Retail sales slowed in October but fundamentally remain solid. Sales rose only 0.1 percent. But when excluding vehicles, which slipped back after surging in prior months, and when also excluding gasoline stations, where sales once again fell on price weakness, core sales rose a respectable 0.3 percent which hits the consensus.
And there are solid gains – including housing-related components of furniture & home furnishings and building materials & garden equipment. Nonstore retailers also show a strong gain as do restaurants.
Aside from vehicles and gas, other areas that declined are electronics & appliance stores, grocery stores, and the big category of general merchandise sales. Declines in the latter may be related to import-price effects which are deflating sales. A positive, however, is a gain for department stores which are a subset of general merchandise.

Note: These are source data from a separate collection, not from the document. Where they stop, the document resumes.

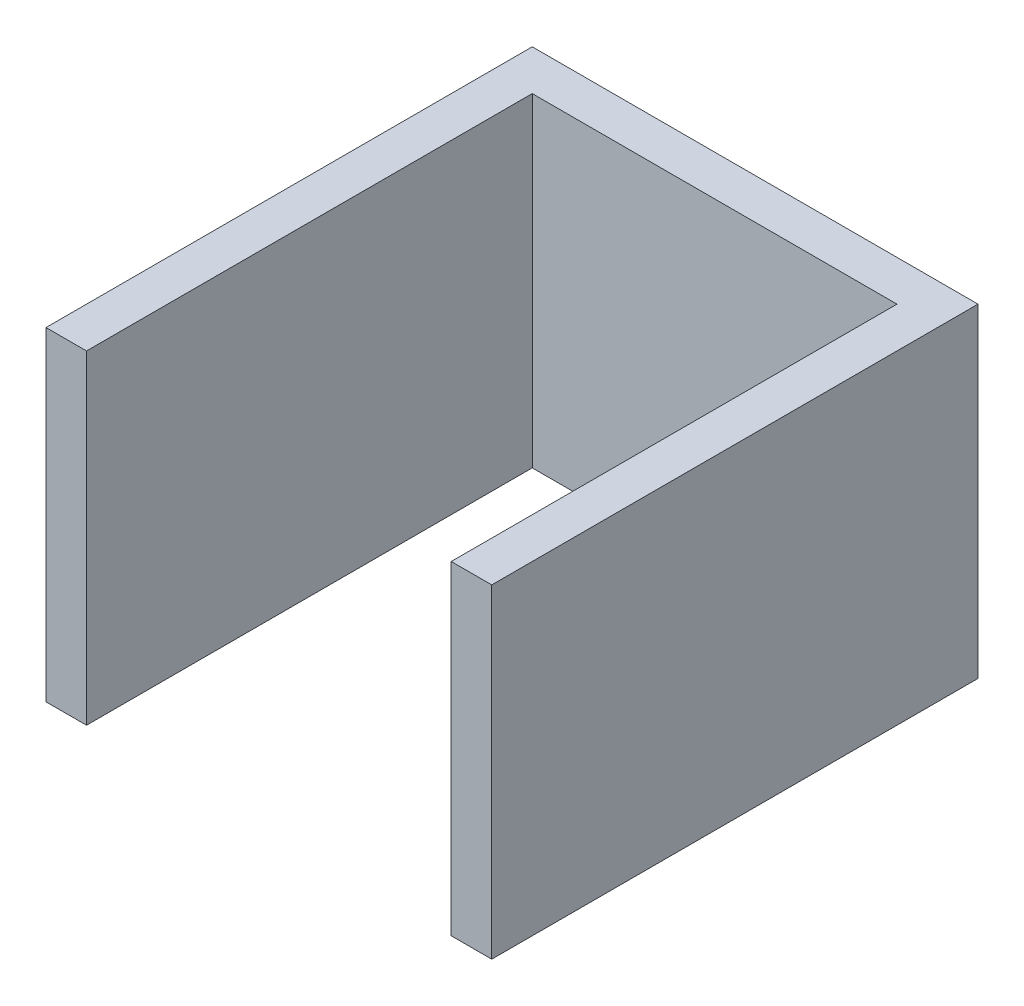
ISO-10303-21;
HEADER;
FILE_DESCRIPTION(('STEP AP214'),'2;1');
FILE_NAME('part.step','',(''),(''),'','','');
FILE_SCHEMA(('AUTOMOTIVE_DESIGN { 1 0 10303 214 1 1 1 1 }'));
ENDSEC;
DATA;
#1=APPLICATION_CONTEXT('core data for automotive mechanical design processes');
#2=APPLICATION_PROTOCOL_DEFINITION('international standard','automotive_design',2000,#1);
#3=PRODUCT_CONTEXT('',#1,'mechanical');
#4=PRODUCT('Part','Part','',(#3));
#5=PRODUCT_RELATED_PRODUCT_CATEGORY('part','',(#4));
#6=PRODUCT_DEFINITION_FORMATION('','',#4);
#7=PRODUCT_DEFINITION_CONTEXT('part definition',#1,'design');
#8=PRODUCT_DEFINITION('design','',#6,#7);
#9=PRODUCT_DEFINITION_SHAPE('','',#8);
#10=(LENGTH_UNIT() NAMED_UNIT(*) SI_UNIT(.MILLI.,.METRE.));
#11=(NAMED_UNIT(*) PLANE_ANGLE_UNIT() SI_UNIT($,.RADIAN.));
#12=(NAMED_UNIT(*) SI_UNIT($,.STERADIAN.) SOLID_ANGLE_UNIT());
#13=UNCERTAINTY_MEASURE_WITH_UNIT(LENGTH_MEASURE(1.E-05),#10,'distance_accuracy_value','');
#14=(GEOMETRIC_REPRESENTATION_CONTEXT(3) GLOBAL_UNCERTAINTY_ASSIGNED_CONTEXT((#13)) GLOBAL_UNIT_ASSIGNED_CONTEXT((#10,
#11,#12)) REPRESENTATION_CONTEXT('',''));
#15=CARTESIAN_POINT('',(0.,0.,0.));
#16=DIRECTION('',(0.,0.,1.));
#17=DIRECTION('',(1.,0.,0.));
#18=AXIS2_PLACEMENT_3D('',#15,#16,#17);
#19=CARTESIAN_POINT('',(-9.99999999999999,80.,0.));
#20=DIRECTION('',(0.,0.,-1.));
#21=DIRECTION('',(-1.,0.,0.));
#22=AXIS2_PLACEMENT_3D('',#19,#20,#21);
#23=PLANE('',#22);
#24=DIRECTION('',(1.,0.,0.));
#25=VECTOR('',#24,1.);
#26=CARTESIAN_POINT('',(-9.99999999999999,0.,0.));
#27=LINE('',#26,#25);
#28=CARTESIAN_POINT('',(-9.99999999999999,0.,0.));
#29=VERTEX_POINT('',#28);
#30=CARTESIAN_POINT('',(0.,0.,0.));
#31=VERTEX_POINT('',#30);
#32=EDGE_CURVE('E140',#29,#31,#27,.T.);
#33=ORIENTED_EDGE('',*,*,#32,.T.);
#34=DIRECTION('',(0.,-1.,0.));
#35=VECTOR('',#34,1.);
#36=CARTESIAN_POINT('',(0.,80.,0.));
#37=LINE('',#36,#35);
#38=CARTESIAN_POINT('',(0.,80.,0.));
#39=VERTEX_POINT('',#38);
#40=EDGE_CURVE('E11',#39,#31,#37,.T.);
#41=ORIENTED_EDGE('',*,*,#40,.F.);
#42=DIRECTION('',(1.,0.,0.));
#43=VECTOR('',#42,1.);
#44=CARTESIAN_POINT('',(-9.99999999999999,80.,0.));
#45=LINE('',#44,#43);
#46=CARTESIAN_POINT('',(-9.99999999999999,80.,0.));
#47=VERTEX_POINT('',#46);
#48=EDGE_CURVE('E162',#47,#39,#45,.T.);
#49=ORIENTED_EDGE('',*,*,#48,.F.);
#50=DIRECTION('',(0.,-1.,0.));
#51=VECTOR('',#50,1.);
#52=CARTESIAN_POINT('',(-9.99999999999999,80.,0.));
#53=LINE('',#52,#51);
#54=EDGE_CURVE('E136',#47,#29,#53,.T.);
#55=ORIENTED_EDGE('',*,*,#54,.T.);
#56=EDGE_LOOP('',(#33,#41,#49,#55));
#57=FACE_BOUND('',#56,.T.);
#58=ADVANCED_FACE('F39',(#57),#23,.F.);
#59=CARTESIAN_POINT('',(0.,80.,0.));
#60=DIRECTION('',(-1.,0.,0.));
#61=DIRECTION('',(0.,0.,1.));
#62=AXIS2_PLACEMENT_3D('',#59,#60,#61);
#63=PLANE('',#62);
#64=DIRECTION('',(0.,0.,-1.));
#65=VECTOR('',#64,1.);
#66=CARTESIAN_POINT('',(0.,0.,0.));
#67=LINE('',#66,#65);
#68=CARTESIAN_POINT('',(0.,0.,-120.));
#69=VERTEX_POINT('',#68);
#70=EDGE_CURVE('E144',#31,#69,#67,.T.);
#71=ORIENTED_EDGE('',*,*,#70,.T.);
#72=DIRECTION('',(0.,-1.,0.));
#73=VECTOR('',#72,1.);
#74=CARTESIAN_POINT('',(0.,80.,-120.));
#75=LINE('',#74,#73);
#76=CARTESIAN_POINT('',(0.,80.,-120.));
#77=VERTEX_POINT('',#76);
#78=EDGE_CURVE('E48',#77,#69,#75,.T.);
#79=ORIENTED_EDGE('',*,*,#78,.F.);
#80=DIRECTION('',(0.,0.,-1.));
#81=VECTOR('',#80,1.);
#82=CARTESIAN_POINT('',(0.,80.,0.));
#83=LINE('',#82,#81);
#84=EDGE_CURVE('E99',#39,#77,#83,.T.);
#85=ORIENTED_EDGE('',*,*,#84,.F.);
#86=ORIENTED_EDGE('',*,*,#40,.T.);
#87=EDGE_LOOP('',(#71,#79,#85,#86));
#88=FACE_BOUND('',#87,.T.);
#89=ADVANCED_FACE('F208',(#88),#63,.F.);
#90=CARTESIAN_POINT('',(0.,80.,-120.));
#91=DIRECTION('',(0.,0.,1.));
#92=DIRECTION('',(1.,0.,0.));
#93=AXIS2_PLACEMENT_3D('',#90,#91,#92);
#94=PLANE('',#93);
#95=DIRECTION('',(-1.,0.,0.));
#96=VECTOR('',#95,1.);
#97=CARTESIAN_POINT('',(0.,0.,-120.));
#98=LINE('',#97,#96);
#99=CARTESIAN_POINT('',(-110.,0.,-120.));
#100=VERTEX_POINT('',#99);
#101=EDGE_CURVE('E147',#69,#100,#98,.T.);
#102=ORIENTED_EDGE('',*,*,#101,.T.);
#103=DIRECTION('',(0.,-1.,0.));
#104=VECTOR('',#103,1.);
#105=CARTESIAN_POINT('',(-110.,80.,-120.));
#106=LINE('',#105,#104);
#107=CARTESIAN_POINT('',(-110.,80.,-120.));
#108=VERTEX_POINT('',#107);
#109=EDGE_CURVE('E173',#108,#100,#106,.T.);
#110=ORIENTED_EDGE('',*,*,#109,.F.);
#111=DIRECTION('',(-1.,0.,0.));
#112=VECTOR('',#111,1.);
#113=CARTESIAN_POINT('',(0.,80.,-120.));
#114=LINE('',#113,#112);
#115=EDGE_CURVE('E183',#77,#108,#114,.T.);
#116=ORIENTED_EDGE('',*,*,#115,.F.);
#117=ORIENTED_EDGE('',*,*,#78,.T.);
#118=EDGE_LOOP('',(#102,#110,#116,#117));
#119=FACE_BOUND('',#118,.T.);
#120=ADVANCED_FACE('F181',(#119),#94,.F.);
#121=CARTESIAN_POINT('',(-110.,80.,-120.));
#122=DIRECTION('',(1.,0.,0.));
#123=DIRECTION('',(0.,0.,-1.));
#124=AXIS2_PLACEMENT_3D('',#121,#122,#123);
#125=PLANE('',#124);
#126=DIRECTION('',(0.,0.,1.));
#127=VECTOR('',#126,1.);
#128=CARTESIAN_POINT('',(-110.,0.,-120.));
#129=LINE('',#128,#127);
#130=CARTESIAN_POINT('',(-110.,0.,0.));
#131=VERTEX_POINT('',#130);
#132=EDGE_CURVE('E150',#100,#131,#129,.T.);
#133=ORIENTED_EDGE('',*,*,#132,.T.);
#134=DIRECTION('',(0.,-1.,0.));
#135=VECTOR('',#134,1.);
#136=CARTESIAN_POINT('',(-110.,80.,0.));
#137=LINE('',#136,#135);
#138=CARTESIAN_POINT('',(-110.,80.,0.));
#139=VERTEX_POINT('',#138);
#140=EDGE_CURVE('E169',#139,#131,#137,.T.);
#141=ORIENTED_EDGE('',*,*,#140,.F.);
#142=DIRECTION('',(0.,0.,1.));
#143=VECTOR('',#142,1.);
#144=CARTESIAN_POINT('',(-110.,80.,-120.));
#145=LINE('',#144,#143);
#146=EDGE_CURVE('E196',#108,#139,#145,.T.);
#147=ORIENTED_EDGE('',*,*,#146,.F.);
#148=ORIENTED_EDGE('',*,*,#109,.T.);
#149=EDGE_LOOP('',(#133,#141,#147,#148));
#150=FACE_BOUND('',#149,.T.);
#151=ADVANCED_FACE('F191',(#150),#125,.F.);
#152=CARTESIAN_POINT('',(-110.,80.,0.));
#153=DIRECTION('',(0.,0.,-1.));
#154=DIRECTION('',(-1.,0.,0.));
#155=AXIS2_PLACEMENT_3D('',#152,#153,#154);
#156=PLANE('',#155);
#157=DIRECTION('',(1.,0.,0.));
#158=VECTOR('',#157,1.);
#159=CARTESIAN_POINT('',(-110.,0.,0.));
#160=LINE('',#159,#158);
#161=CARTESIAN_POINT('',(-100.,0.,0.));
#162=VERTEX_POINT('',#161);
#163=EDGE_CURVE('E153',#131,#162,#160,.T.);
#164=ORIENTED_EDGE('',*,*,#163,.T.);
#165=DIRECTION('',(0.,-1.,0.));
#166=VECTOR('',#165,1.);
#167=CARTESIAN_POINT('',(-100.,80.,0.));
#168=LINE('',#167,#166);
#169=CARTESIAN_POINT('',(-100.,80.,0.));
#170=VERTEX_POINT('',#169);
#171=EDGE_CURVE('E129',#170,#162,#168,.T.);
#172=ORIENTED_EDGE('',*,*,#171,.F.);
#173=DIRECTION('',(1.,0.,0.));
#174=VECTOR('',#173,1.);
#175=CARTESIAN_POINT('',(-110.,80.,0.));
#176=LINE('',#175,#174);
#177=EDGE_CURVE('E118',#139,#170,#176,.T.);
#178=ORIENTED_EDGE('',*,*,#177,.F.);
#179=ORIENTED_EDGE('',*,*,#140,.T.);
#180=EDGE_LOOP('',(#164,#172,#178,#179));
#181=FACE_BOUND('',#180,.T.);
#182=ADVANCED_FACE('F194',(#181),#156,.F.);
#183=CARTESIAN_POINT('',(-100.,80.,0.));
#184=DIRECTION('',(-1.,0.,0.));
#185=DIRECTION('',(0.,0.,1.));
#186=AXIS2_PLACEMENT_3D('',#183,#184,#185);
#187=PLANE('',#186);
#188=DIRECTION('',(0.,0.,-1.));
#189=VECTOR('',#188,1.);
#190=CARTESIAN_POINT('',(-100.,0.,0.));
#191=LINE('',#190,#189);
#192=CARTESIAN_POINT('',(-100.,0.,-110.));
#193=VERTEX_POINT('',#192);
#194=EDGE_CURVE('E127',#162,#193,#191,.T.);
#195=ORIENTED_EDGE('',*,*,#194,.T.);
#196=DIRECTION('',(0.,-1.,0.));
#197=VECTOR('',#196,1.);
#198=CARTESIAN_POINT('',(-100.,80.,-110.));
#199=LINE('',#198,#197);
#200=CARTESIAN_POINT('',(-100.,80.,-110.));
#201=VERTEX_POINT('',#200);
#202=EDGE_CURVE('E124',#201,#193,#199,.T.);
#203=ORIENTED_EDGE('',*,*,#202,.F.);
#204=DIRECTION('',(0.,0.,-1.));
#205=VECTOR('',#204,1.);
#206=CARTESIAN_POINT('',(-100.,80.,0.));
#207=LINE('',#206,#205);
#208=EDGE_CURVE('E112',#170,#201,#207,.T.);
#209=ORIENTED_EDGE('',*,*,#208,.F.);
#210=ORIENTED_EDGE('',*,*,#171,.T.);
#211=EDGE_LOOP('',(#195,#203,#209,#210));
#212=FACE_BOUND('',#211,.T.);
#213=ADVANCED_FACE('F125',(#212),#187,.F.);
#214=CARTESIAN_POINT('',(-100.,80.,-110.));
#215=DIRECTION('',(0.,0.,-1.));
#216=DIRECTION('',(-1.,0.,0.));
#217=AXIS2_PLACEMENT_3D('',#214,#215,#216);
#218=PLANE('',#217);
#219=DIRECTION('',(1.,0.,0.));
#220=VECTOR('',#219,1.);
#221=CARTESIAN_POINT('',(-100.,0.,-110.));
#222=LINE('',#221,#220);
#223=CARTESIAN_POINT('',(-9.99999999999999,0.,-110.));
#224=VERTEX_POINT('',#223);
#225=EDGE_CURVE('E85',#193,#224,#222,.T.);
#226=ORIENTED_EDGE('',*,*,#225,.T.);
#227=DIRECTION('',(0.,-1.,0.));
#228=VECTOR('',#227,1.);
#229=CARTESIAN_POINT('',(-9.99999999999999,80.,-110.));
#230=LINE('',#229,#228);
#231=CARTESIAN_POINT('',(-9.99999999999999,80.,-110.));
#232=VERTEX_POINT('',#231);
#233=EDGE_CURVE('E130',#232,#224,#230,.T.);
#234=ORIENTED_EDGE('',*,*,#233,.F.);
#235=DIRECTION('',(1.,0.,0.));
#236=VECTOR('',#235,1.);
#237=CARTESIAN_POINT('',(-100.,80.,-110.));
#238=LINE('',#237,#236);
#239=EDGE_CURVE('E116',#201,#232,#238,.T.);
#240=ORIENTED_EDGE('',*,*,#239,.F.);
#241=ORIENTED_EDGE('',*,*,#202,.T.);
#242=EDGE_LOOP('',(#226,#234,#240,#241));
#243=FACE_BOUND('',#242,.T.);
#244=ADVANCED_FACE('F132',(#243),#218,.F.);
#245=CARTESIAN_POINT('',(-9.99999999999999,80.,-110.));
#246=DIRECTION('',(1.,0.,0.));
#247=DIRECTION('',(0.,0.,-1.));
#248=AXIS2_PLACEMENT_3D('',#245,#246,#247);
#249=PLANE('',#248);
#250=DIRECTION('',(0.,0.,1.));
#251=VECTOR('',#250,1.);
#252=CARTESIAN_POINT('',(-9.99999999999999,0.,-110.));
#253=LINE('',#252,#251);
#254=EDGE_CURVE('E91',#224,#29,#253,.T.);
#255=ORIENTED_EDGE('',*,*,#254,.T.);
#256=ORIENTED_EDGE('',*,*,#54,.F.);
#257=DIRECTION('',(0.,0.,1.));
#258=VECTOR('',#257,1.);
#259=CARTESIAN_POINT('',(-9.99999999999999,80.,-110.));
#260=LINE('',#259,#258);
#261=EDGE_CURVE('E56',#232,#47,#260,.T.);
#262=ORIENTED_EDGE('',*,*,#261,.F.);
#263=ORIENTED_EDGE('',*,*,#233,.T.);
#264=EDGE_LOOP('',(#255,#256,#262,#263));
#265=FACE_BOUND('',#264,.T.);
#266=ADVANCED_FACE('F224',(#265),#249,.F.);
#267=CARTESIAN_POINT('',(0.,80.,0.));
#268=DIRECTION('',(0.,1.,0.));
#269=DIRECTION('',(0.,0.,1.));
#270=AXIS2_PLACEMENT_3D('',#267,#268,#269);
#271=PLANE('',#270);
#272=ORIENTED_EDGE('',*,*,#48,.T.);
#273=ORIENTED_EDGE('',*,*,#84,.T.);
#274=ORIENTED_EDGE('',*,*,#115,.T.);
#275=ORIENTED_EDGE('',*,*,#146,.T.);
#276=ORIENTED_EDGE('',*,*,#177,.T.);
#277=ORIENTED_EDGE('',*,*,#208,.T.);
#278=ORIENTED_EDGE('',*,*,#239,.T.);
#279=ORIENTED_EDGE('',*,*,#261,.T.);
#280=EDGE_LOOP('',(#272,#273,#274,#275,#276,#277,#278,#279));
#281=FACE_BOUND('',#280,.T.);
#282=ADVANCED_FACE('F114',(#281),#271,.T.);
#283=CARTESIAN_POINT('',(0.,0.,0.));
#284=DIRECTION('',(0.,1.,0.));
#285=DIRECTION('',(0.,0.,1.));
#286=AXIS2_PLACEMENT_3D('',#283,#284,#285);
#287=PLANE('',#286);
#288=ORIENTED_EDGE('',*,*,#32,.F.);
#289=ORIENTED_EDGE('',*,*,#254,.F.);
#290=ORIENTED_EDGE('',*,*,#225,.F.);
#291=ORIENTED_EDGE('',*,*,#194,.F.);
#292=ORIENTED_EDGE('',*,*,#163,.F.);
#293=ORIENTED_EDGE('',*,*,#132,.F.);
#294=ORIENTED_EDGE('',*,*,#101,.F.);
#295=ORIENTED_EDGE('',*,*,#70,.F.);
#296=EDGE_LOOP('',(#288,#289,#290,#291,#292,#293,#294,#295));
#297=FACE_BOUND('',#296,.T.);
#298=ADVANCED_FACE('F187',(#297),#287,.F.);
#299=CLOSED_SHELL('',(#58,#89,#120,#151,#182,#213,#244,#266,#282,#298));
#300=MANIFOLD_SOLID_BREP('B2',#299);
#301=ADVANCED_BREP_SHAPE_REPRESENTATION('',(#18,#300),#14);
#302=SHAPE_DEFINITION_REPRESENTATION(#9,#301);
ENDSEC;
END-ISO-10303-21;

Apparel sales, which are definitely being held down by import prices, were unchanged following two small declines.
Year-on-year a respectable plus 4.1 percent rate for sales excluding gasoline stations, a component that is down 20.1 percent and has been badly skewing total sales all year. Total sales are up only 1.7 percent.
The headline is weak and year-on-year rates did ease off, including for core ex-auto ex-gas to plus 3.5 from 3.8 percent, but this report is better than it looks, showing underlying strength that shouldn’t scale down expectations for a December FOMC rate hike.